# ---
# jupyter:
# kernelspec:
# display_name: Python 3
# name: python3
# ---
# %% [markdown]
# # ðŸ“ƒ Solution for Exercise M1.02
#
# The goal of this exercise is to fit a similar model as in the previous
# notebook to get familiar with manipulating scikit-learn objects and in
# particular the `.fit/.predict/.score` API.
# %% [markdown]
# Let's load the adult census dataset with only numerical variables
# %%
import pandas as pd
adult_census = pd.read_csv("../datasets/adult-census-numeric.csv")

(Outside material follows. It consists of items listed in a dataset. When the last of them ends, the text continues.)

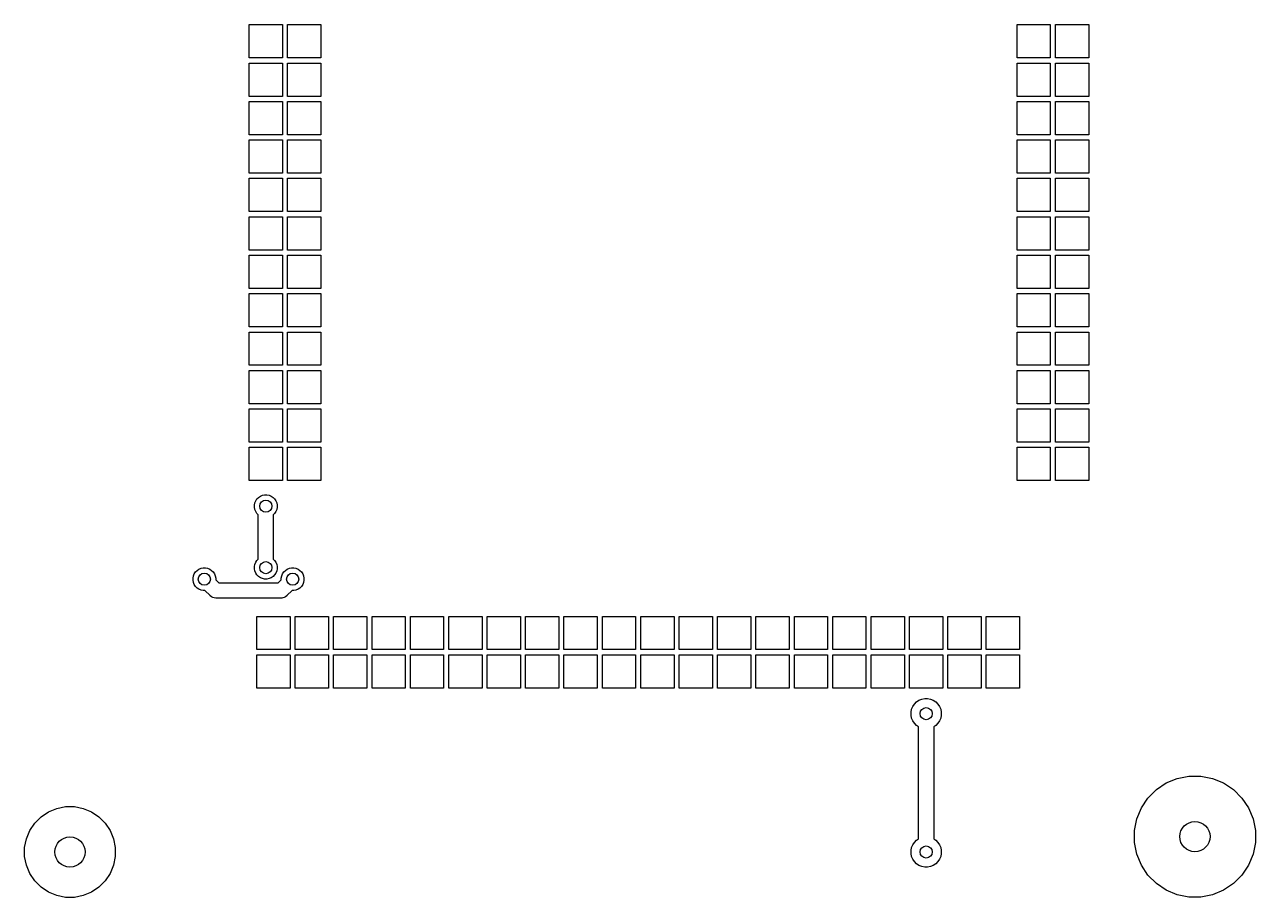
# Model space of a CAD drawing. Extents: x 44 to 125, y -151 to -14.
# Drawn here: x 43.7 to 125.2, y -151.1 to -93.4 of the extents above; entities that cross this region are included whole.
import ezdxf

# ---------------------------------------------------------------- set-up
doc = ezdxf.new("R2010")
doc.units = 0
doc.header["$MEASUREMENT"] = 0
doc.layers.add('BLACK', color=7, linetype='CONTINUOUS')

msp = doc.modelspace()

# ---------------------------------------------------------------- linework, layer by layer
at = {"layer": 'BLACK', "linetype": 'CONTINUOUS'}
for p, q in [((58.59, -95.588), (58.59, -93.388)), ((58.59, -93.388), (60.79, -93.388)), ((60.79, -93.388), (60.79, -95.588)), ((61.13, -95.588), (61.13, -93.388)), ((61.13, -93.388), (63.33, -93.388)), ((63.33, -93.388), (63.33, -95.588)), ((109.39, -95.588), (109.39, -93.388)), ((109.39, -93.388), (111.59, -93.388)), ((111.59, -93.388), (111.59, -95.588)), ((111.93, -95.588), (111.93, -93.388)), ((111.93, -93.388), (114.13, -93.388)), ((114.13, -93.388), (114.13, -95.588)), ((60.79, -95.588), (58.59, -95.588)), ((58.59, -98.128), (58.59, -95.928)), ((58.59, -95.928), (60.79, -95.928)), ((60.79, -95.928), (60.79, -98.128)), ((63.33, -95.588), (61.13, -95.588)), ((61.13, -98.128), (61.13, -95.928)), ((61.13, -95.928), (63.33, -95.928)), ((63.33, -95.928), (63.33, -98.128)), ((111.59, -95.588), (109.39, -95.588)), ((109.39, -98.128), (109.39, -95.928)), ((109.39, -95.928), (111.59, -95.928)), ((111.59, -95.928), (111.59, -98.128)), ((114.13, -95.588), (111.93, -95.588)), ((111.93, -98.128), (111.93, -95.928)), ((111.93, -95.928), (114.13, -95.928)), ((114.13, -95.928), (114.13, -98.128)), ((60.79, -98.128), (58.59, -98.128)), ((58.59, -100.668), (58.59, -98.468)), ((58.59, -98.468), (60.79, -98.468)), ((60.79, -98.468), (60.79, -100.668)), ((63.33, -98.128), (61.13, -98.128)), ((61.13, -100.668), (61.13, -98.468)), ((61.13, -98.468), (63.33, -98.468)), ((63.33, -98.468), (63.33, -100.668)), ((111.59, -98.128), (109.39, -98.128)), ((109.39, -100.668), (109.39, -98.468)), ((109.39, -98.468), (111.59, -98.468)), ((111.59, -98.468), (111.59, -100.668)), ((114.13, -98.128), (111.93, -98.128)), ((111.93, -100.668), (111.93, -98.468)), ((111.93, -98.468), (114.13, -98.468)), ((114.13, -98.468), (114.13, -100.668)), ((60.79, -100.668), (58.59, -100.668)), ((63.33, -100.668), (61.13, -100.668)), ((111.59, -100.668), (109.39, -100.668)), ((114.13, -100.668), (111.93, -100.668)), ((58.59, -103.208), (58.59, -101.008)), ((58.59, -101.008), (60.79, -101.008)), ((60.79, -101.008), (60.79, -103.208)), ((61.13, -103.208), (61.13, -101.008)), ((61.13, -101.008), (63.33, -101.008)), ((63.33, -101.008), (63.33, -103.208)), ((109.39, -103.208), (109.39, -101.008)), ((109.39, -101.008), (111.59, -101.008)), ((111.59, -101.008), (111.59, -103.208)), ((111.93, -103.208), (111.93, -101.008)), ((111.93, -101.008), (114.13, -101.008)), ((114.13, -101.008), (114.13, -103.208)), ((60.79, -103.208), (58.59, -103.208)), ((63.33, -103.208), (61.13, -103.208)), ((111.59, -103.208), (109.39, -103.208)), ((114.13, -103.208), (111.93, -103.208)), ((58.59, -105.748), (58.59, -103.548)), ((58.59, -103.548), (60.79, -103.548)), ((60.79, -103.548), (60.79, -105.748)), ((61.13, -105.748), (61.13, -103.548)), ((61.13, -103.548), (63.33, -103.548)), ((63.33, -103.548), (63.33, -105.748)), ((109.39, -105.748), (109.39, -103.548)), ((109.39, -103.548), (111.59, -103.548)), ((111.59, -103.548), (111.59, -105.748)), ((111.93, -105.748), (111.93, -103.548)), ((111.93, -103.548), (114.13, -103.548)), ((114.13, -103.548), (114.13, -105.748)), ((60.79, -105.748), (58.59, -105.748)), ((63.33, -105.748), (61.13, -105.748)), ((111.59, -105.748), (109.39, -105.748)), ((114.13, -105.748), (111.93, -105.748)), ((58.59, -108.288), (58.59, -106.088)), ((58.59, -106.088), (60.79, -106.088)), ((60.79, -106.088), (60.79, -108.288)), ((61.13, -108.288), (61.13, -106.088)), ((61.13, -106.088), (63.33, -106.088)), ((63.33, -106.088), (63.33, -108.288)), ((109.39, -108.288), (109.39, -106.088)), ((109.39, -106.088), (111.59, -106.088)), ((111.59, -106.088), (111.59, -108.288)), ((111.93, -108.288), (111.93, -106.088)), ((111.93, -106.088), (114.13, -106.088)), ((114.13, -106.088), (114.13, -108.288)), ((60.79, -108.288), (58.59, -108.288)), ((63.33, -108.288), (61.13, -108.288)), ((111.59, -108.288), (109.39, -108.288)), ((114.13, -108.288), (111.93, -108.288)), ((58.59, -110.828), (58.59, -108.628)), ((58.59, -108.628), (60.79, -108.628)), ((60.79, -108.628), (60.79, -110.828)), ((61.13, -110.828), (61.13, -108.628)), ((61.13, -108.628), (63.33, -108.628)), ((63.33, -108.628), (63.33, -110.828)), ((109.39, -110.828), (109.39, -108.628)), ((109.39, -108.628), (111.59, -108.628)), ((111.59, -108.628), (111.59, -110.828)), ((111.93, -110.828), (111.93, -108.628)), ((111.93, -108.628), (114.13, -108.628)), ((114.13, -108.628), (114.13, -110.828)), ((60.79, -110.828), (58.59, -110.828)), ((58.59, -113.368), (58.59, -111.168)), ((58.59, -111.168), (60.79, -111.168)), ((60.79, -111.168), (60.79, -113.368)), ((63.33, -110.828), (61.13, -110.828)), ((61.13, -113.368), (61.13, -111.168)), ((61.13, -111.168), (63.33, -111.168)), ((63.33, -111.168), (63.33, -113.368)), ((111.59, -110.828), (109.39, -110.828)), ((109.39, -113.368), (109.39, -111.168)), ((109.39, -111.168), (111.59, -111.168)), ((111.59, -111.168), (111.59, -113.368)), ((114.13, -110.828), (111.93, -110.828)), ((111.93, -113.368), (111.93, -111.168)), ((111.93, -111.168), (114.13, -111.168)), ((114.13, -111.168), (114.13, -113.368)), ((60.79, -113.368), (58.59, -113.368)), ((58.59, -115.908), (58.59, -113.708)), ((58.59, -113.708), (60.79, -113.708)), ((60.79, -113.708), (60.79, -115.908)), ((63.33, -113.368), (61.13, -113.368)), ((61.13, -115.908), (61.13, -113.708)), ((61.13, -113.708), (63.33, -113.708)), ((63.33, -113.708), (63.33, -115.908)), ((111.59, -113.368), (109.39, -113.368)), ((109.39, -115.908), (109.39, -113.708)), ((109.39, -113.708), (111.59, -113.708)), ((111.59, -113.708), (111.59, -115.908)), ((114.13, -113.368), (111.93, -113.368)), ((111.93, -115.908), (111.93, -113.708)), ((111.93, -113.708), (114.13, -113.708)), ((114.13, -113.708), (114.13, -115.908)), ((60.79, -115.908), (58.59, -115.908)), ((58.59, -118.448), (58.59, -116.248)), ((58.59, -116.248), (60.79, -116.248)), ((60.79, -116.248), (60.79, -118.448)), ((63.33, -115.908), (61.13, -115.908)), ((61.13, -118.448), (61.13, -116.248)), ((61.13, -116.248), (63.33, -116.248)), ((63.33, -116.248), (63.33, -118.448)), ((111.59, -115.908), (109.39, -115.908)), ((109.39, -118.448), (109.39, -116.248)), ((109.39, -116.248), (111.59, -116.248)), ((111.59, -116.248), (111.59, -118.448)), ((114.13, -115.908), (111.93, -115.908)), ((111.93, -118.448), (111.93, -116.248)), ((111.93, -116.248), (114.13, -116.248)), ((114.13, -116.248), (114.13, -118.448)), ((60.79, -118.448), (58.59, -118.448)), ((58.59, -120.988), (58.59, -118.788)), ((58.59, -118.788), (60.79, -118.788)), ((60.79, -118.788), (60.79, -120.988)), ((63.33, -118.448), (61.13, -118.448)), ((61.13, -120.988), (61.13, -118.788)), ((61.13, -118.788), (63.33, -118.788)), ((63.33, -118.788), (63.33, -120.988)), ((111.59, -118.448), (109.39, -118.448)), ((109.39, -120.988), (109.39, -118.788)), ((109.39, -118.788), (111.59, -118.788)), ((111.59, -118.788), (111.59, -120.988)), ((114.13, -118.448), (111.93, -118.448)), ((111.93, -120.988), (111.93, -118.788)), ((111.93, -118.788), (114.13, -118.788)), ((114.13, -118.788), (114.13, -120.988)), ((60.79, -120.988), (58.59, -120.988)), ((63.33, -120.988), (61.13, -120.988)), ((111.59, -120.988), (109.39, -120.988)), ((114.13, -120.988), (111.93, -120.988)), ((58.59, -123.528), (58.59, -121.328)), ((58.59, -121.328), (60.79, -121.328)), ((60.79, -121.328), (60.79, -123.528)), ((61.13, -123.528), (61.13, -121.328)), ((61.13, -121.328), (63.33, -121.328)), ((63.33, -121.328), (63.33, -123.528)), ((109.39, -123.528), (109.39, -121.328)), ((109.39, -121.328), (111.59, -121.328)), ((111.59, -121.328), (111.59, -123.528)), ((111.93, -123.528), (111.93, -121.328)), ((111.93, -121.328), (114.13, -121.328)), ((114.13, -121.328), (114.13, -123.528)), ((60.79, -123.528), (58.59, -123.528)), ((63.33, -123.528), (61.13, -123.528)), ((111.59, -123.528), (109.39, -123.528)), ((114.13, -123.528), (111.93, -123.528)), ((59.2119, -124.639), (59.3347, -124.557)), ((59.3347, -124.557), (59.4712, -124.501)), ((59.4712, -124.501), (59.6161, -124.472)), ((59.6161, -124.472), (59.7639, -124.472)), ((59.7639, -124.472), (59.9088, -124.501)), ((59.9088, -124.501), (60.0453, -124.557)), ((60.0453, -124.557), (60.1681, -124.639)), ((58.94, -125.148), (58.9688, -125.003)), ((58.94, -125.296), (58.94, -125.148)), ((58.9688, -125.441), (58.94, -125.296)), ((58.9688, -125.003), (59.0254, -124.867)), ((59.0254, -124.867), (59.1074, -124.744)), ((59.1074, -124.744), (59.2119, -124.639)), ((60.1681, -124.639), (60.2726, -124.744)), ((60.2726, -124.744), (60.3546, -124.867)), ((60.3546, -124.867), (60.4112, -125.003)), ((60.4112, -125.003), (60.44, -125.148)), ((60.44, -125.296), (60.4112, -125.441)), ((60.44, -125.148), (60.44, -125.296)), ((59.0254, -125.577), (58.9688, -125.441)), ((59.1074, -125.7), (59.0254, -125.577)), ((59.19, -125.783), (59.1074, -125.7)), ((59.19, -128.725), (59.19, -125.783)), ((60.2726, -125.7), (60.19, -125.783)), ((60.19, -125.783), (60.19, -128.725)), ((60.3546, -125.577), (60.2726, -125.7)), ((60.4112, -125.441), (60.3546, -125.577)), ((55.1479, -129.465), (55.2707, -129.383)), ((55.2707, -129.383), (55.4072, -129.327)), ((55.4072, -129.327), (55.5521, -129.298)), ((55.5521, -129.298), (55.6999, -129.298)), ((55.6999, -129.298), (55.8448, -129.327)), ((55.8448, -129.327), (55.9813, -129.383)), ((55.9813, -129.383), (56.1041, -129.465)), ((58.94, -129.212), (58.9688, -129.067)), ((58.94, -129.36), (58.94, -129.212)), ((58.9688, -129.505), (58.94, -129.36)), ((58.9688, -129.067), (59.0254, -128.931)), ((59.0254, -128.931), (59.1074, -128.808)), ((59.1074, -128.808), (59.19, -128.725)), ((60.19, -128.725), (60.2726, -128.808)), ((60.2726, -128.808), (60.3546, -128.931)), ((60.3546, -128.931), (60.4112, -129.067)), ((60.4112, -129.067), (60.44, -129.212)), ((60.44, -129.36), (60.4112, -129.505)), ((60.44, -129.212), (60.44, -129.36)), ((60.9899, -129.465), (61.1127, -129.383)), ((61.1127, -129.383), (61.2492, -129.327)), ((61.2492, -129.327), (61.3941, -129.298)), ((61.3941, -129.298), (61.5419, -129.298)), ((61.5419, -129.298), (61.6868, -129.327)), ((61.6868, -129.327), (61.8233, -129.383)), ((61.8233, -129.383), (61.9461, -129.465)), ((54.876, -129.974), (54.9048, -129.829)), ((54.876, -130.122), (54.876, -129.974)), ((54.9048, -130.267), (54.876, -130.122)), ((54.9048, -129.829), (54.9614, -129.693)), ((54.9614, -130.403), (54.9048, -130.267)), ((54.9614, -129.693), (55.0434, -129.57)), ((55.0434, -129.57), (55.1479, -129.465)), ((56.1041, -129.465), (56.2086, -129.57)), ((56.2086, -129.57), (56.2906, -129.693)), ((56.2906, -129.693), (56.3472, -129.829)), ((56.3472, -129.829), (56.376, -129.974)), ((56.376, -129.974), (56.376, -130.091)), ((56.376, -130.091), (56.5831, -130.298)), ((59.0254, -129.641), (58.9688, -129.505)), ((59.1074, -129.764), (59.0254, -129.641)), ((59.2119, -129.869), (59.1074, -129.764)), ((59.3347, -129.951), (59.2119, -129.869)), ((59.4712, -130.007), (59.3347, -129.951)), ((59.6161, -130.036), (59.4712, -130.007)), ((59.7639, -130.036), (59.6161, -130.036)), ((59.9088, -130.007), (59.7639, -130.036)), ((60.0453, -129.951), (59.9088, -130.007)), ((60.1681, -129.869), (60.0453, -129.951)), ((60.2726, -129.764), (60.1681, -129.869)), ((60.3546, -129.641), (60.2726, -129.764)), ((60.4112, -129.505), (60.3546, -129.641)), ((60.5109, -130.298), (60.718, -130.091)), ((60.718, -129.974), (60.7468, -129.829)), ((60.718, -130.091), (60.718, -129.974)), ((60.7468, -129.829), (60.8034, -129.693)), ((60.8034, -129.693), (60.8854, -129.57)), ((60.8854, -129.57), (60.9899, -129.465)), ((61.9461, -129.465), (62.0506, -129.57)), ((62.0506, -129.57), (62.1326, -129.693)), ((62.1326, -129.693), (62.1892, -129.829)), ((62.1892, -130.267), (62.1326, -130.403)), ((62.1892, -129.829), (62.218, -129.974)), ((62.218, -130.122), (62.1892, -130.267)), ((62.218, -129.974), (62.218, -130.122)), ((55.0434, -130.526), (54.9614, -130.403)), ((55.1479, -130.631), (55.0434, -130.526)), ((55.2707, -130.713), (55.1479, -130.631)), ((55.4072, -130.769), (55.2707, -130.713)), ((55.5521, -130.798), (55.4072, -130.769)), ((55.6689, -130.798), (55.5521, -130.798)), ((56.0051, -131.134), (55.6689, -130.798)), ((56.5831, -130.298), (60.5109, -130.298)), ((61.4251, -130.798), (61.0889, -131.134)), ((61.5419, -130.798), (61.4251, -130.798)), ((61.6868, -130.769), (61.5419, -130.798)), ((61.8233, -130.713), (61.6868, -130.769)), ((61.9461, -130.631), (61.8233, -130.713)), ((62.0506, -130.526), (61.9461, -130.631)), ((62.1326, -130.403), (62.0506, -130.526)), ((56.0207, -131.153), (56.0051, -131.134)), ((56.0969, -131.216), (56.0207, -131.153)), ((56.1837, -131.262), (56.0969, -131.216)), ((56.278, -131.291), (56.1837, -131.262)), ((56.376, -131.3), (56.278, -131.291)), ((56.4006, -131.298), (56.376, -131.3)), ((60.6934, -131.298), (56.4006, -131.298)), ((60.718, -131.3), (60.6934, -131.298)), ((60.7426, -131.298), (60.718, -131.3)), ((60.816, -131.291), (60.7426, -131.298)), ((60.9103, -131.262), (60.816, -131.291)), ((60.9971, -131.216), (60.9103, -131.262)), ((61.0733, -131.153), (60.9971, -131.216)), ((61.0889, -131.134), (61.0733, -131.153)), ((59.098, -134.704), (59.098, -132.504)), ((59.098, -132.504), (61.298, -132.504)), ((61.298, -132.504), (61.298, -134.704)), ((61.638, -134.704), (61.638, -132.504)), ((61.638, -132.504), (63.838, -132.504)), ((63.838, -132.504), (63.838, -134.704)), ((64.178, -134.704), (64.178, -132.504)), ((64.178, -132.504), (66.378, -132.504)), ((66.378, -132.504), (66.378, -134.704)), ((66.718, -134.704), (66.718, -132.504)), ((66.718, -132.504), (68.918, -132.504)), ((68.918, -132.504), (68.918, -134.704)), ((69.258, -134.704), (69.258, -132.504)), ((69.258, -132.504), (71.458, -132.504)), ((71.458, -132.504), (71.458, -134.704)), ((71.798, -134.704), (71.798, -132.504)), ((71.798, -132.504), (73.998, -132.504)), ((73.998, -132.504), (73.998, -134.704)), ((74.338, -134.704), (74.338, -132.504)), ((74.338, -132.504), (76.538, -132.504)), ((76.538, -132.504), (76.538, -134.704)), ((76.878, -134.704), (76.878, -132.504)), ((76.878, -132.504), (79.078, -132.504)), ((79.078, -132.504), (79.078, -134.704)), ((79.418, -134.704), (79.418, -132.504)), ((79.418, -132.504), (81.618, -132.504)), ((81.618, -132.504), (81.618, -134.704)), ((81.958, -134.704), (81.958, -132.504)), ((81.958, -132.504), (84.158, -132.504)), ((84.158, -132.504), (84.158, -134.704)), ((84.498, -134.704), (84.498, -132.504)), ((84.498, -132.504), (86.698, -132.504)), ((86.698, -132.504), (86.698, -134.704)), ((87.038, -134.704), (87.038, -132.504)), ((87.038, -132.504), (89.238, -132.504)), ((89.238, -132.504), (89.238, -134.704)), ((89.578, -134.704), (89.578, -132.504)), ((89.578, -132.504), (91.778, -132.504)), ((91.778, -132.504), (91.778, -134.704)), ((92.118, -134.704), (92.118, -132.504)), ((92.118, -132.504), (94.318, -132.504)), ((94.318, -132.504), (94.318, -134.704)), ((94.658, -134.704), (94.658, -132.504)), ((94.658, -132.504), (96.858, -132.504)), ((96.858, -132.504), (96.858, -134.704)), ((97.198, -134.704), (97.198, -132.504)), ((97.198, -132.504), (99.398, -132.504)), ((99.398, -132.504), (99.398, -134.704)), ((99.738, -134.704), (99.738, -132.504)), ((99.738, -132.504), (101.938, -132.504)), ((101.938, -132.504), (101.938, -134.704)), ((102.278, -134.704), (102.278, -132.504)), ((102.278, -132.504), (104.478, -132.504)), ((104.478, -132.504), (104.478, -134.704)), ((104.818, -134.704), (104.818, -132.504)), ((104.818, -132.504), (107.018, -132.504)), ((107.018, -132.504), (107.018, -134.704)), ((107.358, -134.704), (107.358, -132.504)), ((107.358, -132.504), (109.558, -132.504)), ((109.558, -132.504), (109.558, -134.704)), ((61.298, -134.704), (59.098, -134.704)), ((59.098, -137.244), (59.098, -135.044)), ((59.098, -135.044), (61.298, -135.044)), ((61.298, -135.044), (61.298, -137.244)), ((63.838, -134.704), (61.638, -134.704)), ((61.638, -137.244), (61.638, -135.044)), ((61.638, -135.044), (63.838, -135.044)), ((63.838, -135.044), (63.838, -137.244)), ((66.378, -134.704), (64.178, -134.704)), ((64.178, -137.244), (64.178, -135.044)), ((64.178, -135.044), (66.378, -135.044)), ((66.378, -135.044), (66.378, -137.244)), ((68.918, -134.704), (66.718, -134.704)), ((66.718, -137.244), (66.718, -135.044)), ((66.718, -135.044), (68.918, -135.044)), ((68.918, -135.044), (68.918, -137.244)), ((71.458, -134.704), (69.258, -134.704)), ((69.258, -137.244), (69.258, -135.044)), ((69.258, -135.044), (71.458, -135.044)), ((71.458, -135.044), (71.458, -137.244)), ((73.998, -134.704), (71.798, -134.704)), ((71.798, -137.244), (71.798, -135.044)), ((71.798, -135.044), (73.998, -135.044)), ((73.998, -135.044), (73.998, -137.244)), ((76.538, -134.704), (74.338, -134.704)), ((74.338, -137.244), (74.338, -135.044)), ((74.338, -135.044), (76.538, -135.044)), ((76.538, -135.044), (76.538, -137.244)), ((79.078, -134.704), (76.878, -134.704)), ((76.878, -137.244), (76.878, -135.044)), ((76.878, -135.044), (79.078, -135.044)), ((79.078, -135.044), (79.078, -137.244)), ((81.618, -134.704), (79.418, -134.704)), ((79.418, -137.244), (79.418, -135.044)), ((79.418, -135.044), (81.618, -135.044)), ((81.618, -135.044), (81.618, -137.244)), ((84.158, -134.704), (81.958, -134.704)), ((81.958, -137.244), (81.958, -135.044)), ((81.958, -135.044), (84.158, -135.044)), ((84.158, -135.044), (84.158, -137.244)), ((86.698, -134.704), (84.498, -134.704)), ((84.498, -137.244), (84.498, -135.044)), ((84.498, -135.044), (86.698, -135.044)), ((86.698, -135.044), (86.698, -137.244)), ((89.238, -134.704), (87.038, -134.704)), ((87.038, -137.244), (87.038, -135.044)), ((87.038, -135.044), (89.238, -135.044)), ((89.238, -135.044), (89.238, -137.244)), ((91.778, -134.704), (89.578, -134.704)), ((89.578, -137.244), (89.578, -135.044)), ((89.578, -135.044), (91.778, -135.044)), ((91.778, -135.044), (91.778, -137.244)), ((94.318, -134.704), (92.118, -134.704)), ((92.118, -137.244), (92.118, -135.044)), ((92.118, -135.044), (94.318, -135.044)), ((94.318, -135.044), (94.318, -137.244)), ((96.858, -134.704), (94.658, -134.704)), ((94.658, -137.244), (94.658, -135.044)), ((94.658, -135.044), (96.858, -135.044)), ((96.858, -135.044), (96.858, -137.244)), ((99.398, -134.704), (97.198, -134.704)), ((97.198, -137.244), (97.198, -135.044)), ((97.198, -135.044), (99.398, -135.044)), ((99.398, -135.044), (99.398, -137.244)), ((101.938, -134.704), (99.738, -134.704)), ((99.738, -137.244), (99.738, -135.044)), ((99.738, -135.044), (101.938, -135.044)), ((101.938, -135.044), (101.938, -137.244)), ((104.478, -134.704), (102.278, -134.704)), ((102.278, -137.244), (102.278, -135.044)), ((102.278, -135.044), (104.478, -135.044)), ((104.478, -135.044), (104.478, -137.244)), ((107.018, -134.704), (104.818, -134.704)), ((104.818, -137.244), (104.818, -135.044)), ((104.818, -135.044), (107.018, -135.044)), ((107.018, -135.044), (107.018, -137.244)), ((109.558, -134.704), (107.358, -134.704)), ((107.358, -137.244), (107.358, -135.044)), ((107.358, -135.044), (109.558, -135.044)), ((109.558, -135.044), (109.558, -137.244)), ((61.298, -137.244), (59.098, -137.244)), ((63.838, -137.244), (61.638, -137.244)), ((66.378, -137.244), (64.178, -137.244)), ((68.918, -137.244), (66.718, -137.244)), ((71.458, -137.244), (69.258, -137.244)), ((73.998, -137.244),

data = adult_census.drop(columns="class")
target = adult_census["class"]
# %% [markdown]
# In the previous notebook we used `model = KNeighborsClassifier()`. All
# scikit-learn models can be created without arguments. This is convenient
# because it means that you don't need to understand the full details of a
# model before starting to use it.
#
# One of the `KNeighborsClassifier` parameters is `n_neighbors`. It controls
# the number of neighbors we are going to use to make a prediction for a new
# data point.
#
# What is the default value of the `n_neighbors` parameter? Hint: Look at the
# documentation on the [scikit-learn
# website](https://scikit-learn.org/stable/modules/generated/sklearn.neighbors.KNeighborsClassifier.html)
# or directly access the description inside your notebook by running the
# following cell. This will open a pager pointing to the documentation.
# %%
from sklearn.neighbors import KNeighborsClassifier
KNeighborsClassifier?
# %% [markdown] tags=["solution"]
# We can see that the default value for `n_neighbors` is 5.
# %% [markdown]
# Create a `KNeighborsClassifier` model with `n_neighbors=50`
# %%
# solution
model = KNeighborsClassifier(n_neighbors=50)
# %% [markdown]
# Fit this model on the data and target loaded above
# %%
# solution
model.fit(data, target)
# %% [markdown]
# Use your model to make predictions on the first 10 data points inside the
# data. Do they match the actual target values?
# %%
# solution
first_data_values = data.iloc[:10]
first_predictions = model.predict(first_data_values)
first_predictions
# %% tags=["solution"]
first_target_values = target.iloc[:10]
first_target_values
# %% tags=["solution"]
number_of_correct_predictions = (
first_predictions == first_target_values).sum()
number_of_predictions = len(first_predictions)
print(
f"{number_of_correct_predictions}/{number_of_predictions} "
"of predictions are correct")
# %% [markdown]
# Compute the accuracy on the training data.
# %%
# solution
model.score(data, target)
# %% [markdown]
# Now load the test data from `"../datasets/adult-census-numeric-test.csv"` and
# compute the accuracy on the test data.
# %%
# solution
adult_census_test = pd.read_csv("../datasets/adult-census-numeric-test.csv")
data_test = adult_census_test.drop(columns="class")
target_test = adult_census_test["class"]
model.score(data_test, target_test)
# %% [markdown] tags=["solution"]
# Looking at the previous notebook, the accuracy seems slightly higher with
# `n_neighbors=50` than with `n_neighbors=5` (the default value).